*** Block opens ***

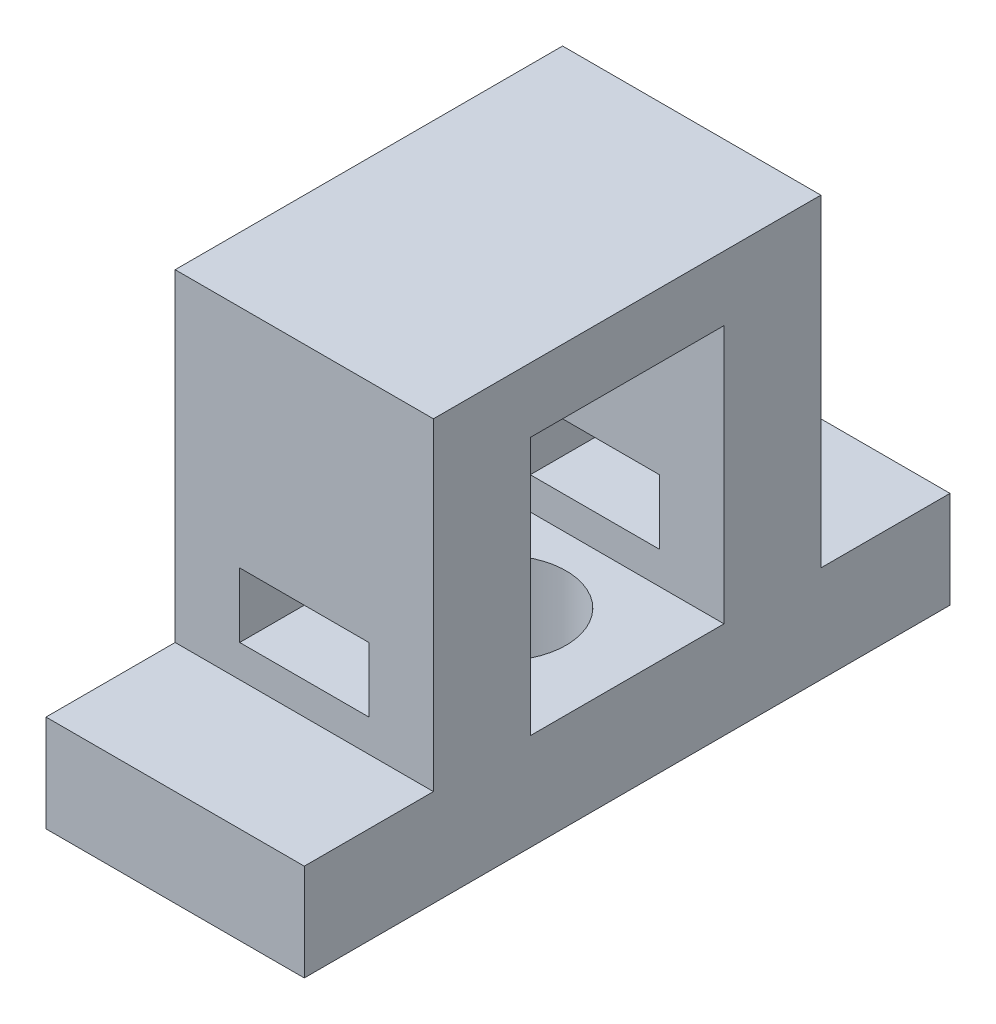
ISO-10303-21;
HEADER;
FILE_DESCRIPTION(('STEP AP214'),'2;1');
FILE_NAME('part.step','',(''),(''),'','','');
FILE_SCHEMA(('AUTOMOTIVE_DESIGN { 1 0 10303 214 1 1 1 1 }'));
ENDSEC;
DATA;
#1=APPLICATION_CONTEXT('core data for automotive mechanical design processes');
#2=APPLICATION_PROTOCOL_DEFINITION('international standard','automotive_design',2000,#1);
#3=PRODUCT_CONTEXT('',#1,'mechanical');
#4=PRODUCT('Part','Part','',(#3));
#5=PRODUCT_RELATED_PRODUCT_CATEGORY('part','',(#4));
#6=PRODUCT_DEFINITION_FORMATION('','',#4);
#7=PRODUCT_DEFINITION_CONTEXT('part definition',#1,'design');
#8=PRODUCT_DEFINITION('design','',#6,#7);
#9=PRODUCT_DEFINITION_SHAPE('','',#8);
#10=(LENGTH_UNIT() NAMED_UNIT(*) SI_UNIT(.MILLI.,.METRE.));
#11=(NAMED_UNIT(*) PLANE_ANGLE_UNIT() SI_UNIT($,.RADIAN.));
#12=(NAMED_UNIT(*) SI_UNIT($,.STERADIAN.) SOLID_ANGLE_UNIT());
#13=UNCERTAINTY_MEASURE_WITH_UNIT(LENGTH_MEASURE(1.E-05),#10,'distance_accuracy_value','');
#14=(GEOMETRIC_REPRESENTATION_CONTEXT(3) GLOBAL_UNCERTAINTY_ASSIGNED_CONTEXT((#13)) GLOBAL_UNIT_ASSIGNED_CONTEXT((#10,
#11,#12)) REPRESENTATION_CONTEXT('',''));
#15=CARTESIAN_POINT('',(0.,0.,0.));
#16=DIRECTION('',(0.,0.,1.));
#17=DIRECTION('',(1.,0.,0.));
#18=AXIS2_PLACEMENT_3D('',#15,#16,#17);
#19=CARTESIAN_POINT('',(40.,0.,0.));
#20=DIRECTION('',(-1.,0.,0.));
#21=DIRECTION('',(0.,0.,1.));
#22=AXIS2_PLACEMENT_3D('',#19,#20,#21);
#23=PLANE('',#22);
#24=DIRECTION('',(0.,0.,-1.));
#25=VECTOR('',#24,1.);
#26=CARTESIAN_POINT('',(40.,-57.0399583229907,-87.9104822589529));
#27=LINE('',#26,#25);
#28=CARTESIAN_POINT('',(40.,-57.0399583229907,12.0895177410471));
#29=VERTEX_POINT('',#28);
#30=CARTESIAN_POINT('',(40.,-57.0399583229907,-87.9104822589529));
#31=VERTEX_POINT('',#30);
#32=EDGE_CURVE('E257',#29,#31,#27,.T.);
#33=ORIENTED_EDGE('',*,*,#32,.T.);
#34=DIRECTION('',(0.,1.,0.));
#35=VECTOR('',#34,1.);
#36=CARTESIAN_POINT('',(40.,-42.0399583229907,-87.9104822589529));
#37=LINE('',#36,#35);
#38=CARTESIAN_POINT('',(40.,-42.0399583229907,-87.9104822589529));
#39=VERTEX_POINT('',#38);
#40=EDGE_CURVE('E260',#31,#39,#37,.T.);
#41=ORIENTED_EDGE('',*,*,#40,.T.);
#42=DIRECTION('',(0.,0.,1.));
#43=VECTOR('',#42,1.);
#44=CARTESIAN_POINT('',(40.,-42.0399583229907,-67.9104822589529));
#45=LINE('',#44,#43);
#46=CARTESIAN_POINT('',(40.,-42.0399583229907,-67.9104822589529));
#47=VERTEX_POINT('',#46);
#48=EDGE_CURVE('E263',#39,#47,#45,.T.);
#49=ORIENTED_EDGE('',*,*,#48,.T.);
#50=DIRECTION('',(0.,1.,0.));
#51=VECTOR('',#50,1.);
#52=CARTESIAN_POINT('',(40.,7.9600416770093,-67.9104822589529));
#53=LINE('',#52,#51);
#54=CARTESIAN_POINT('',(40.,7.9600416770093,-67.9104822589529));
#55=VERTEX_POINT('',#54);
#56=EDGE_CURVE('E265',#47,#55,#53,.T.);
#57=ORIENTED_EDGE('',*,*,#56,.T.);
#58=DIRECTION('',(0.,0.,1.));
#59=VECTOR('',#58,1.);
#60=CARTESIAN_POINT('',(40.,7.9600416770093,-7.91048225895293));
#61=LINE('',#60,#59);
#62=CARTESIAN_POINT('',(40.,7.9600416770093,-7.91048225895293));
#63=VERTEX_POINT('',#62);
#64=EDGE_CURVE('E267',#55,#63,#61,.T.);
#65=ORIENTED_EDGE('',*,*,#64,.T.);
#66=DIRECTION('',(0.,-1.,0.));
#67=VECTOR('',#66,1.);
#68=CARTESIAN_POINT('',(40.,-42.0399583229907,-7.91048225895293));
#69=LINE('',#68,#67);
#70=CARTESIAN_POINT('',(40.,-42.0399583229907,-7.91048225895293));
#71=VERTEX_POINT('',#70);
#72=EDGE_CURVE('E269',#63,#71,#69,.T.);
#73=ORIENTED_EDGE('',*,*,#72,.T.);
#74=DIRECTION('',(0.,0.,1.));
#75=VECTOR('',#74,1.);
#76=CARTESIAN_POINT('',(40.,-42.0399583229907,12.0895177410471));
#77=LINE('',#76,#75);
#78=CARTESIAN_POINT('',(40.,-42.0399583229907,12.0895177410471));
#79=VERTEX_POINT('',#78);
#80=EDGE_CURVE('E271',#71,#79,#77,.T.);
#81=ORIENTED_EDGE('',*,*,#80,.T.);
#82=DIRECTION('',(0.,-1.,0.));
#83=VECTOR('',#82,1.);
#84=CARTESIAN_POINT('',(40.,-57.0399583229907,12.0895177410471));
#85=LINE('',#84,#83);
#86=EDGE_CURVE('E273',#79,#29,#85,.T.);
#87=ORIENTED_EDGE('',*,*,#86,.T.);
#88=EDGE_LOOP('',(#33,#41,#49,#57,#65,#73,#81,#87));
#89=FACE_BOUND('',#88,.T.);
#90=DIRECTION('',(0.,1.,0.));
#91=VECTOR('',#90,1.);
#92=CARTESIAN_POINT('',(40.,-2.03995832299071,-52.9104822589529));
#93=LINE('',#92,#91);
#94=CARTESIAN_POINT('',(40.,-42.0399583229907,-52.9104822589529));
#95=VERTEX_POINT('',#94);
#96=CARTESIAN_POINT('',(40.,-2.03995832299071,-52.9104822589529));
#97=VERTEX_POINT('',#96);
#98=EDGE_CURVE('E226',#95,#97,#93,.T.);
#99=ORIENTED_EDGE('',*,*,#98,.F.);
#100=DIRECTION('',(0.,0.,-1.));
#101=VECTOR('',#100,1.);
#102=CARTESIAN_POINT('',(40.,-42.0399583229907,-22.9104822589529));
#103=LINE('',#102,#101);
#104=CARTESIAN_POINT('',(40.,-42.0399583229907,-22.9104822589529));
#105=VERTEX_POINT('',#104);
#106=EDGE_CURVE('E234',#105,#95,#103,.T.);
#107=ORIENTED_EDGE('',*,*,#106,.F.);
#108=DIRECTION('',(0.,-1.,0.));
#109=VECTOR('',#108,1.);
#110=CARTESIAN_POINT('',(40.,-2.03995832299071,-22.9104822589529));
#111=LINE('',#110,#109);
#112=CARTESIAN_POINT('',(40.,-2.03995832299071,-22.9104822589529));
#113=VERTEX_POINT('',#112);
#114=EDGE_CURVE('E231',#113,#105,#111,.T.);
#115=ORIENTED_EDGE('',*,*,#114,.F.);
#116=DIRECTION('',(0.,0.,1.));
#117=VECTOR('',#116,1.);
#118=CARTESIAN_POINT('',(40.,-2.03995832299071,-22.9104822589529));
#119=LINE('',#118,#117);
#120=EDGE_CURVE('E228',#97,#113,#119,.T.);
#121=ORIENTED_EDGE('',*,*,#120,.F.);
#122=EDGE_LOOP('',(#99,#107,#115,#121));
#123=FACE_BOUND('',#122,.T.);
#124=ADVANCED_FACE('F33',(#89,#123),#23,.F.);
#125=CARTESIAN_POINT('',(0.,0.,0.));
#126=DIRECTION('',(-1.,0.,0.));
#127=DIRECTION('',(0.,0.,1.));
#128=AXIS2_PLACEMENT_3D('',#125,#126,#127);
#129=PLANE('',#128);
#130=DIRECTION('',(0.,0.,-1.));
#131=VECTOR('',#130,1.);
#132=CARTESIAN_POINT('',(0.,-57.0399583229907,-87.9104822589529));
#133=LINE('',#132,#131);
#134=CARTESIAN_POINT('',(0.,-57.0399583229907,12.0895177410471));
#135=VERTEX_POINT('',#134);
#136=CARTESIAN_POINT('',(0.,-57.0399583229907,-87.9104822589529));
#137=VERTEX_POINT('',#136);
#138=EDGE_CURVE('E256',#135,#137,#133,.T.);
#139=ORIENTED_EDGE('',*,*,#138,.F.);
#140=DIRECTION('',(0.,-1.,0.));
#141=VECTOR('',#140,1.);
#142=CARTESIAN_POINT('',(0.,-57.0399583229907,12.0895177410471));
#143=LINE('',#142,#141);
#144=CARTESIAN_POINT('',(0.,-42.0399583229907,12.0895177410471));
#145=VERTEX_POINT('',#144);
#146=EDGE_CURVE('E261',#145,#135,#143,.T.);
#147=ORIENTED_EDGE('',*,*,#146,.F.);
#148=DIRECTION('',(0.,0.,1.));
#149=VECTOR('',#148,1.);
#150=CARTESIAN_POINT('',(0.,-42.0399583229907,12.0895177410471));
#151=LINE('',#150,#149);
#152=CARTESIAN_POINT('',(0.,-42.0399583229907,-7.91048225895293));
#153=VERTEX_POINT('',#152);
#154=EDGE_CURVE('E288',#153,#145,#151,.T.);
#155=ORIENTED_EDGE('',*,*,#154,.F.);
#156=DIRECTION('',(0.,-1.,0.));
#157=VECTOR('',#156,1.);
#158=CARTESIAN_POINT('',(0.,-42.0399583229907,-7.91048225895293));
#159=LINE('',#158,#157);
#160=CARTESIAN_POINT('',(0.,7.9600416770093,-7.91048225895293));
#161=VERTEX_POINT('',#160);
#162=EDGE_CURVE('E286',#161,#153,#159,.T.);
#163=ORIENTED_EDGE('',*,*,#162,.F.);
#164=DIRECTION('',(0.,0.,1.));
#165=VECTOR('',#164,1.);
#166=CARTESIAN_POINT('',(0.,7.9600416770093,-7.91048225895293));
#167=LINE('',#166,#165);
#168=CARTESIAN_POINT('',(0.,7.9600416770093,-67.9104822589529));
#169=VERTEX_POINT('',#168);
#170=EDGE_CURVE('E284',#169,#161,#167,.T.);
#171=ORIENTED_EDGE('',*,*,#170,.F.);
#172=DIRECTION('',(0.,1.,0.));
#173=VECTOR('',#172,1.);
#174=CARTESIAN_POINT('',(0.,7.9600416770093,-67.9104822589529));
#175=LINE('',#174,#173);
#176=CARTESIAN_POINT('',(0.,-42.0399583229907,-67.9104822589529));
#177=VERTEX_POINT('',#176);
#178=EDGE_CURVE('E282',#177,#169,#175,.T.);
#179=ORIENTED_EDGE('',*,*,#178,.F.);
#180=DIRECTION('',(0.,0.,1.));
#181=VECTOR('',#180,1.);
#182=CARTESIAN_POINT('',(0.,-42.0399583229907,-67.9104822589529));
#183=LINE('',#182,#181);
#184=CARTESIAN_POINT('',(0.,-42.0399583229907,-87.9104822589529));
#185=VERTEX_POINT('',#184);
#186=EDGE_CURVE('E280',#185,#177,#183,.T.);
#187=ORIENTED_EDGE('',*,*,#186,.F.);
#188=DIRECTION('',(0.,1.,0.));
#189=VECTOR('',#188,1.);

*** Block closes ***

- **What the task requires**
Each line from the start of the entries to the line holding "#3=PRODUCT_CONTEXT('',#1,'mechanical');" is to be given again exactly, both ends included, and each picture is to be left out.

- **Solution below**
ISO-10303-21;
HEADER;
FILE_DESCRIPTION(('STEP AP214'),'2;1');
FILE_NAME('part.step','',(''),(''),'','','');
FILE_SCHEMA(('AUTOMOTIVE_DESIGN { 1 0 10303 214 1 1 1 1 }'));
ENDSEC;
DATA;
#1=APPLICATION_CONTEXT('core data for automotive mechanical design processes');
#2=APPLICATION_PROTOCOL_DEFINITION('international standard','automotive_design',2000,#1);
#3=PRODUCT_CONTEXT('',#1,'mechanical');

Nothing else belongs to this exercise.